▸ Aim of the task: The whole listing below is to be output exactly, with no line skipped.

::: Record set

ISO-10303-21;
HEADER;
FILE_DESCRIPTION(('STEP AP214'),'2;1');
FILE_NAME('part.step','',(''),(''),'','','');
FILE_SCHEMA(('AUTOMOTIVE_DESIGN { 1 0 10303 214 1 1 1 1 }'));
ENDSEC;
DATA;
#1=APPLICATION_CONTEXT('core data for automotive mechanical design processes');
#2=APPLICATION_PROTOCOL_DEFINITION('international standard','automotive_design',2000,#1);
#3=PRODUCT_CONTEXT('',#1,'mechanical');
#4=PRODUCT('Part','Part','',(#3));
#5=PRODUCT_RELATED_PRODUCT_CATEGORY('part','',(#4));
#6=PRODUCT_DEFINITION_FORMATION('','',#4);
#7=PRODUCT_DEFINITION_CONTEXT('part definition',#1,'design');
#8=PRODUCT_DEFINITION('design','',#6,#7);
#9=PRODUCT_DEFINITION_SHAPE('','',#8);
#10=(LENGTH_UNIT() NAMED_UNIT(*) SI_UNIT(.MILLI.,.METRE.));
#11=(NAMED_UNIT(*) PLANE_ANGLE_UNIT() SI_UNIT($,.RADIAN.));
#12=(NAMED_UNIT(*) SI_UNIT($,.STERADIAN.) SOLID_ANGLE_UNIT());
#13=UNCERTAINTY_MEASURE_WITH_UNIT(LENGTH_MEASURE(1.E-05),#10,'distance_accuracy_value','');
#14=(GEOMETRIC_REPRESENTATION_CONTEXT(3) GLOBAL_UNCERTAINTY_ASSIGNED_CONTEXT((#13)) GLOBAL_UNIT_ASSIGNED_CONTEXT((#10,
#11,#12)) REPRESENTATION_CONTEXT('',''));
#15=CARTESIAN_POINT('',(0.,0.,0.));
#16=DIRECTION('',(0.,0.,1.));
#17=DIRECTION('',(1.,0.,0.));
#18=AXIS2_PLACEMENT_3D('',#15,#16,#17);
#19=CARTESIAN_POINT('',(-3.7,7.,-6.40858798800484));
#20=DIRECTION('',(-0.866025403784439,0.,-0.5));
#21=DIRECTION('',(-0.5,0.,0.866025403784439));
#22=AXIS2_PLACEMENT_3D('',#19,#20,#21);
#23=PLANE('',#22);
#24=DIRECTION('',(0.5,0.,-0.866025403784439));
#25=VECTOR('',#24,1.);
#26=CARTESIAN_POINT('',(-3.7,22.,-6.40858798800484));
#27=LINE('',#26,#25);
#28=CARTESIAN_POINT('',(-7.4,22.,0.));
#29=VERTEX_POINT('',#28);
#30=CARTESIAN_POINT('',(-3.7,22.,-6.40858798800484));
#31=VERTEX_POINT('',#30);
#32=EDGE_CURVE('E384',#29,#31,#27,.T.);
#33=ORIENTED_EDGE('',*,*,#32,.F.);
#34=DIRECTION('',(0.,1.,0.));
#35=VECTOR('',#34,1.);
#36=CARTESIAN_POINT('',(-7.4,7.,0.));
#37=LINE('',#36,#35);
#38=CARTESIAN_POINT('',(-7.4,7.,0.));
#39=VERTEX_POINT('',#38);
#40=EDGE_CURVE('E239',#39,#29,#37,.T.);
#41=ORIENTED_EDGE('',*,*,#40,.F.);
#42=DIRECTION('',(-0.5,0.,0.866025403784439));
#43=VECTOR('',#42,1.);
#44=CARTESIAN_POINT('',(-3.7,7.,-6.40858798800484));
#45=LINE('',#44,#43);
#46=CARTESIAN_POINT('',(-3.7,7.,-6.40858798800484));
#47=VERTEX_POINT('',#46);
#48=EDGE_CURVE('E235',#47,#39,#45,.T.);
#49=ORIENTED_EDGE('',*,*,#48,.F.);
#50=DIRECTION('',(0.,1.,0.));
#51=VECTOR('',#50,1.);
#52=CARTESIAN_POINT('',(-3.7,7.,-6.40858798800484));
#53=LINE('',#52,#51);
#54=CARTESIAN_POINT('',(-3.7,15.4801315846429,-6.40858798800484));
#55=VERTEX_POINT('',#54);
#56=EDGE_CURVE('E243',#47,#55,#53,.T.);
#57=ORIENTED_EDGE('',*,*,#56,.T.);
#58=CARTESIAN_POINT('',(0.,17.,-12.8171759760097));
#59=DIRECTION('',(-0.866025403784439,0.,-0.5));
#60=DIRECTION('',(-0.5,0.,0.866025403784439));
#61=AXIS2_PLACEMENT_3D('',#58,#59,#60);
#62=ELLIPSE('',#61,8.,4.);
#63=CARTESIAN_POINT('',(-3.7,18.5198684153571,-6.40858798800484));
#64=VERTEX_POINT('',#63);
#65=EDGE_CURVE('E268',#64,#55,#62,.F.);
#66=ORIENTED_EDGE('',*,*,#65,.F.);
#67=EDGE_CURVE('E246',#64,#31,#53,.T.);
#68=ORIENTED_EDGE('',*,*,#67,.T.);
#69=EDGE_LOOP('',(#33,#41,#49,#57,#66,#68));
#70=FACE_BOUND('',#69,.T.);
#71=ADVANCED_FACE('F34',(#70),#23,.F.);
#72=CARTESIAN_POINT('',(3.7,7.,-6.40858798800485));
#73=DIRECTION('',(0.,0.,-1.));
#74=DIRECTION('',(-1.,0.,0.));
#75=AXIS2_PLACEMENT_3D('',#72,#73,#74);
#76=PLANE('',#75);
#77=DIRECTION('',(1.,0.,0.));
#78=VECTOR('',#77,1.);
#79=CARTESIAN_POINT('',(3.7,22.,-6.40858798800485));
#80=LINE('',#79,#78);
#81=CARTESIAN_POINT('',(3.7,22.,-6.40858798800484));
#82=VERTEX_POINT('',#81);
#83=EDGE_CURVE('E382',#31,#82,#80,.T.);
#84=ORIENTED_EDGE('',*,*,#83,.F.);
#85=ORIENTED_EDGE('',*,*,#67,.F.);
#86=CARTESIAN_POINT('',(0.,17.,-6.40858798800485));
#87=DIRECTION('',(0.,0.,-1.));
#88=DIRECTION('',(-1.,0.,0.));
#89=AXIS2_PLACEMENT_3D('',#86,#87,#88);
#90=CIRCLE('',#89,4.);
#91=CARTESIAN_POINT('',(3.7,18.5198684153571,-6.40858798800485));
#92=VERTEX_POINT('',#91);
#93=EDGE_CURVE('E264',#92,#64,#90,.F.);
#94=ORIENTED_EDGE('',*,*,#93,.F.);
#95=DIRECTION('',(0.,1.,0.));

::::::

▸ Solution for this exercise:
ISO-10303-21;
HEADER;
FILE_DESCRIPTION(('STEP AP214'),'2;1');
FILE_NAME('part.step','',(''),(''),'','','');
FILE_SCHEMA(('AUTOMOTIVE_DESIGN { 1 0 10303 214 1 1 1 1 }'));
ENDSEC;
DATA;
#1=APPLICATION_CONTEXT('core data for automotive mechanical design processes');
#2=APPLICATION_PROTOCOL_DEFINITION('international standard','automotive_design',2000,#1);
#3=PRODUCT_CONTEXT('',#1,'mechanical');
#4=PRODUCT('Part','Part','',(#3));
#5=PRODUCT_RELATED_PRODUCT_CATEGORY('part','',(#4));
#6=PRODUCT_DEFINITION_FORMATION('','',#4);
#7=PRODUCT_DEFINITION_CONTEXT('part definition',#1,'design');
#8=PRODUCT_DEFINITION('design','',#6,#7);
#9=PRODUCT_DEFINITION_SHAPE('','',#8);
#10=(LENGTH_UNIT() NAMED_UNIT(*) SI_UNIT(.MILLI.,.METRE.));
#11=(NAMED_UNIT(*) PLANE_ANGLE_UNIT() SI_UNIT($,.RADIAN.));
#12=(NAMED_UNIT(*) SI_UNIT($,.STERADIAN.) SOLID_ANGLE_UNIT());
#13=UNCERTAINTY_MEASURE_WITH_UNIT(LENGTH_MEASURE(1.E-05),#10,'distance_accuracy_value','');
#14=(GEOMETRIC_REPRESENTATION_CONTEXT(3) GLOBAL_UNCERTAINTY_ASSIGNED_CONTEXT((#13)) GLOBAL_UNIT_ASSIGNED_CONTEXT((#10,
#11,#12)) REPRESENTATION_CONTEXT('',''));
#15=CARTESIAN_POINT('',(0.,0.,0.));
#16=DIRECTION('',(0.,0.,1.));
#17=DIRECTION('',(1.,0.,0.));
#18=AXIS2_PLACEMENT_3D('',#15,#16,#17);
#19=CARTESIAN_POINT('',(-3.7,7.,-6.40858798800484));
#20=DIRECTION('',(-0.866025403784439,0.,-0.5));
#21=DIRECTION('',(-0.5,0.,0.866025403784439));
#22=AXIS2_PLACEMENT_3D('',#19,#20,#21);
#23=PLANE('',#22);
#24=DIRECTION('',(0.5,0.,-0.866025403784439));
#25=VECTOR('',#24,1.);
#26=CARTESIAN_POINT('',(-3.7,22.,-6.40858798800484));
#27=LINE('',#26,#25);
#28=CARTESIAN_POINT('',(-7.4,22.,0.));
#29=VERTEX_POINT('',#28);
#30=CARTESIAN_POINT('',(-3.7,22.,-6.40858798800484));
#31=VERTEX_POINT('',#30);
#32=EDGE_CURVE('E384',#29,#31,#27,.T.);
#33=ORIENTED_EDGE('',*,*,#32,.F.);
#34=DIRECTION('',(0.,1.,0.));
#35=VECTOR('',#34,1.);
#36=CARTESIAN_POINT('',(-7.4,7.,0.));
#37=LINE('',#36,#35);
#38=CARTESIAN_POINT('',(-7.4,7.,0.));
#39=VERTEX_POINT('',#38);
#40=EDGE_CURVE('E239',#39,#29,#37,.T.);
#41=ORIENTED_EDGE('',*,*,#40,.F.);
#42=DIRECTION('',(-0.5,0.,0.866025403784439));
#43=VECTOR('',#42,1.);
#44=CARTESIAN_POINT('',(-3.7,7.,-6.40858798800484));
#45=LINE('',#44,#43);
#46=CARTESIAN_POINT('',(-3.7,7.,-6.40858798800484));
#47=VERTEX_POINT('',#46);
#48=EDGE_CURVE('E235',#47,#39,#45,.T.);
#49=ORIENTED_EDGE('',*,*,#48,.F.);
#50=DIRECTION('',(0.,1.,0.));
#51=VECTOR('',#50,1.);
#52=CARTESIAN_POINT('',(-3.7,7.,-6.40858798800484));
#53=LINE('',#52,#51);
#54=CARTESIAN_POINT('',(-3.7,15.4801315846429,-6.40858798800484));
#55=VERTEX_POINT('',#54);
#56=EDGE_CURVE('E243',#47,#55,#53,.T.);
#57=ORIENTED_EDGE('',*,*,#56,.T.);
#58=CARTESIAN_POINT('',(0.,17.,-12.8171759760097));
#59=DIRECTION('',(-0.866025403784439,0.,-0.5));
#60=DIRECTION('',(-0.5,0.,0.866025403784439));
#61=AXIS2_PLACEMENT_3D('',#58,#59,#60);
#62=ELLIPSE('',#61,8.,4.);
#63=CARTESIAN_POINT('',(-3.7,18.5198684153571,-6.40858798800484));
#64=VERTEX_POINT('',#63);
#65=EDGE_CURVE('E268',#64,#55,#62,.F.);
#66=ORIENTED_EDGE('',*,*,#65,.F.);
#67=EDGE_CURVE('E246',#64,#31,#53,.T.);
#68=ORIENTED_EDGE('',*,*,#67,.T.);
#69=EDGE_LOOP('',(#33,#41,#49,#57,#66,#68));
#70=FACE_BOUND('',#69,.T.);
#71=ADVANCED_FACE('F34',(#70),#23,.F.);
#72=CARTESIAN_POINT('',(3.7,7.,-6.40858798800485));
#73=DIRECTION('',(0.,0.,-1.));
#74=DIRECTION('',(-1.,0.,0.));
#75=AXIS2_PLACEMENT_3D('',#72,#73,#74);
#76=PLANE('',#75);
#77=DIRECTION('',(1.,0.,0.));
#78=VECTOR('',#77,1.);
#79=CARTESIAN_POINT('',(3.7,22.,-6.40858798800485));
#80=LINE('',#79,#78);
#81=CARTESIAN_POINT('',(3.7,22.,-6.40858798800484));
#82=VERTEX_POINT('',#81);
#83=EDGE_CURVE('E382',#31,#82,#80,.T.);
#84=ORIENTED_EDGE('',*,*,#83,.F.);
#85=ORIENTED_EDGE('',*,*,#67,.F.);
#86=CARTESIAN_POINT('',(0.,17.,-6.40858798800485));
#87=DIRECTION('',(0.,0.,-1.));
#88=DIRECTION('',(-1.,0.,0.));
#89=AXIS2_PLACEMENT_3D('',#86,#87,#88);
#90=CIRCLE('',#89,4.);
#91=CARTESIAN_POINT('',(3.7,18.5198684153571,-6.40858798800485));
#92=VERTEX_POINT('',#91);
#93=EDGE_CURVE('E264',#92,#64,#90,.F.);
#94=ORIENTED_EDGE('',*,*,#93,.F.);
#95=DIRECTION('',(0.,1.,0.));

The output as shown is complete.